In spite of his active political life, Phanishwarnath Renu’s literary journey was not vitiated by any narrow pollical vision: “Although Renu reveals in his writings the contemporary political life of India and the effects of mismanaged democracy, politics and literature were for him, nevertheless, separate spheres. Renu rarely, if ever, overtly advocated a particular political position in his fiction”. (ibid.)

Renu’s literary journey started with the publication of his short story, ‘Batbaba’ in 1946. However, publication of his first and most famous novel, ‘Maila Anchal’ in 1954 brought him recognition as a major Hindi writer. The distinctiveness of the plot of ‘Maila Anchal’ lies in the fact that it differed from the prevailing paradigm of the novel: “Maila Anchal is not the story of one person or family, but rather the story of a village and all its residents. Therefore, there is no single sustaining plot to the novel but instead a series of sub-plots...The action takes place on many levels romantic, political, religious, social. (ibid.)

The ’literary form’ and ‘linguistic features’ of Maila Anchal also carried Renu’s own signature. To put it in the words of Indira Junghare: “Another aspect of Renu’s characters is that they are humorous. The humor is conveyed through their manners of speech, their perceptions of the world, and relationships with others. This humor not only makes for more enjoyable reading but serves to create empathy for the character...Maila Anchal is difficult to understand even for native speakers of Hindi because of its linguistic complexity. The languages used in the novel range from standard and colloquial Hindi to regional dialects such as Maithili, Bhojpuri, Magahi, Nepali, and Bengali and the tribal language Santhali. This complexity in part reflects the complexity of the linguistic area of Northeastern Bihar and Purnea district...Renu, himself a native of rural Northern Bihar, is particularly skilled in portraying the linguistic diversity of this region and the patterns of village speech.” (ibid.)
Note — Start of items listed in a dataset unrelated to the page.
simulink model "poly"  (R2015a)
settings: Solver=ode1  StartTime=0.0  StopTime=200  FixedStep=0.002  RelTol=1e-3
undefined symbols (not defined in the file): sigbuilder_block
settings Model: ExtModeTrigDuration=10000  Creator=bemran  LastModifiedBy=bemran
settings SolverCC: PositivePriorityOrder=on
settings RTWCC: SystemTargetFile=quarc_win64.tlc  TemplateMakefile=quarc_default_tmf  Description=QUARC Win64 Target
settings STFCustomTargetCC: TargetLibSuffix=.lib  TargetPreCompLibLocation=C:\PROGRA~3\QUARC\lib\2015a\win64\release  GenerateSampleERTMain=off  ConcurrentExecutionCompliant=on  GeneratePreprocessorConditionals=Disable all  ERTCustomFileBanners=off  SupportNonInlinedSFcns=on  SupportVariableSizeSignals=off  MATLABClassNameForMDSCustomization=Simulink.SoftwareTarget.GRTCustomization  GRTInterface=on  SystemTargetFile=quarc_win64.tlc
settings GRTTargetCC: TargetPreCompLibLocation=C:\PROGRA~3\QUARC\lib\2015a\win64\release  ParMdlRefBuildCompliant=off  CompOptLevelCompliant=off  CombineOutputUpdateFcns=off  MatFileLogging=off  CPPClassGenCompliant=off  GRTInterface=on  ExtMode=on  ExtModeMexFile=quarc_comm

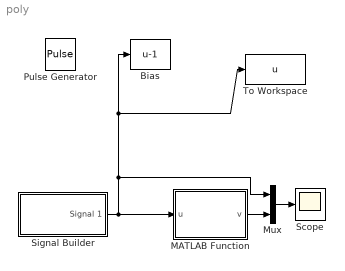
== system poly ==
  Bias : Bias  Bias=-1
  MATLAB Function : MATLAB Function  TreatAsAtomicUnit=on
  Mux : Mux  Inputs=2
  Pulse Generator : DiscretePulseGenerator  PulseType=Time based  Amplitude=0.6  PulseWidth=50
  Scope : Scope
      settings: TimeRange=200
  Signal Builder : Subsystem  Tag=STV Subsys  LoadFcn=sigbuilder_block('load');  StartFcn=sigbuilder_block('start');  StopFcn=sigbuilder_block('stop');  ClipboardFcn=sigbuilder_block('clipboard');  mask(Sigbuilder block){}
      mask help: Simulink:masks:SigbuilderBlock_MD
      mask init:
      | if ~strcmp(get_param(bdroot(gcbh),'SimulationStatus'),'stopped') tuvar = sigbuilder_block('maskInit'); end
      settings: CopyFcn=sigbuilder_block('copy');  DeleteFcn=sigbuilder_block('delete');  ModelCloseFcn=sigbuilder_block('modelClose');  PreSaveFcn=sigbuilder_block('preSave');  PauseFcn=sigbuilder_block('pause');  ContinueFcn=sigbuilder_block('continue');  NameChangeFcn=sigbuilder_block('namechange');  OpenFcn=sigbuilder_block('open',[437.6 199.2 550.4 400 ]);  CloseFcn=sigbuilder_block('close');
      mask Display: plot(0, 0, 100, 100,[2, 2, 32, 32, 2], [68, 8, 8, 68, 68],[32, 2], [38, 38], [32, 19, 2],[53, 60, 44], [32, 17, 17, 2],[16, 16, 31, 31]);txt = getActiveGroup(gcbh);text(2, 100, txt,'verticalAlignment', 'top');
  To Workspace : ToWorkspace  VariableName=u  SampleTime=-1
  wires:
  Signal Builder/1(Signal 1) -> To Workspace/1, Bias/1, Mux/1, MATLAB Function/1(u)
  MATLAB Function/1(v) -> Mux/2
  Mux/1 -> Scope/1

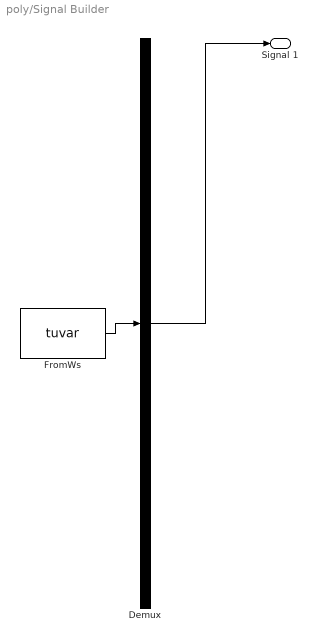
== system poly/Signal Builder ==
  Demux : Demux  Tag=STV Demux  Outputs=1
  FromWs : FromWorkspace  Tag=STV FromWs  VariableName=tuvar  SampleTime=0
      SigBuilderData=|
      | common.afterFinalStr = 'Extrapolate'
      | common.sampleTime = 0
      | dataSet.timeRange = [0 500]
      | dataSet.name = 'Group 1'
      | sbobj.Groups.Name = 'Group 1'
      | sbobj.Groups.Signals.Name = 'Signal 1'
      | sbobj.Groups.Signals.XData = [0 5 5 10 10 15 15 20 20 25 25 30 30 35 35 40 40 45 45 50 50 55 55 60 65 65 70 70 75 75 80 80 85 85 90 95 95 100 100 105 105 110 110 115 115 120 120 125 125 130 130 135 135 140 140 145 145 150 150 155 155 160 160 165 165 170 170 175 175 180 180 185 185 190 190 195 195 200 200 205 205 210 210 215 215 220 220 225 225 230 230 235 235 240 240 245 245 250 250 255 255 260 260 265 265 270 270 275 275 280 280 285 285 290 290 295 295 300 300 305 305 310 310 315 315 320 320 325 325 330 330 335 335 340 340 345 345 350 350 355 355 360 360 365 365 370 370 375 375 380 380 385 385 390 390 395 395 400 400 405 405 410 410 415 415 420 420 425 425 430 430 435 435 440 440 445 445 450 450 455 455 460 460 465 465 470 470 475 475 480 480 485 485 490 490 495 495 500]
      | sbobj.Groups.Signals.YData = [0.3 0.3 0 0 0.3 0.3 -0.3 -0.3 0 0 -0.3 -0.3 0.3 0.3 -0.3 -0.3 0 0 -0.3 -0.3 0.3 0.3 0 0 0 -0.3 -0.3 0 0 -0.3 -0.3 0.3 0.3 0 0 0 -0.3 -0.3 0.3 0.3 0 0 0.3 0.3 -0.3 -0.3 0.3 0.3 0 0 0.3 0.3 -0.3 -0.3 0.3 0.3 -0.3 -0.3 0 0 -0.3 -0.3 0 0 -0.3 -0.3 0.3 0.3 0 0 0.3 0.3 0 0 0.3 0.3 -0.3 -0.3 0.3 0.3 -0.3 -0.3 0.3 0.3 -0.3 -0.3 0.3 0.3 -0.3 -0.3 0.3 0.3 -0.3 -0.3 0.3 0.3 -0.3 -0.3 0.3 0.3 -0.3 -0.3 0.3 0.3 -0.3 -0.3 0.3 0.3 -0.3 -0.3 0.3 0.3 -0.3 -0.3 0.3 0.3 -0.3 -0.3 0.3 0.3 -0.3 -0.3 0.3 0.3 -0.3 -0.3 0.3 0.3 -0.3 -0.3 0.3 0.3 -0.3 -0.3 0.3 0.3 -0.3 -0.3 0.3 0.3 -0.3 -0.3 0.3 0.3 -0.3 -0.3 0.3 0.3 -0.3 -0.3 0.3 0.3 -0.3 -0.3 0.3 0.3 -0.3 -0.3 0.3 0.3 -0.3 -0.3 0.3 0.3 -0.3 -0.3 0.3 0.3 -0.3 -0.3 0.3 0.3 -0.3 -0.3 0.3 0.3 -0.3 -0.3 0.3 0.3 -0.3 -0.3 0.3 0.3 -0.3 -0.3 0.3 0.3 -0.3 -0.3 0.3 0.3 -0.3 -0.3 0.3 0.3 -0.3 -0.3]
      | sbobj.Groups.TimeRange = [0 500]
  Signal 1 : Outport  Tag=STV Outport
  wires:
  Demux/1 -> Signal 1/1
  FromWs/1 -> Demux/1

== matlab function poly/MATLAB Function ==
  data: u input; v output
function v = fcn(u)
%#codegen
persistent v0 u0

if isempty(u0)
    u0 = 0;
    v0 = 0;
end
if (u == 0)
    v = 0;
else
    v = v0 + u - 0.9998 * u0;
end
v0 = v;
u0 = u;

To sum up Phanishwarnath Renu’s contributions to Hindi literature, Kathryn Hansen, who did her Ph.D. on the literary journey of Renu, argued:

...Renu’s fascinating experiments with language and the originality of his use of oral genres within the modern novel are apparent even to a Hindi reader unfamiliar with literary criticism...Renu has developed a style of Hindi based on rural speech. This language...differs primarily from standard literary language in the degree to which it brings the linguistic patterns of uneducated speakers of Hindi onto the written page. (Kathryn Hansen, ‘Renu’s Regionalism: Language and Form’, The Journal of Asian Studies, February, 1981)

We are now living in a globalized world, miles apart from the political and literary worlds of Phanishwarnath Renu, and Indian writing in English occupies a hegemonic position in our literary world. Our urban modernity has colonized  our rural world. In such a scenario, Renu’s literary journey offers valuable insights about the ‘art of the novel’, which have the potential of enriching our literary imagination about the complexities of village life in contemporary India.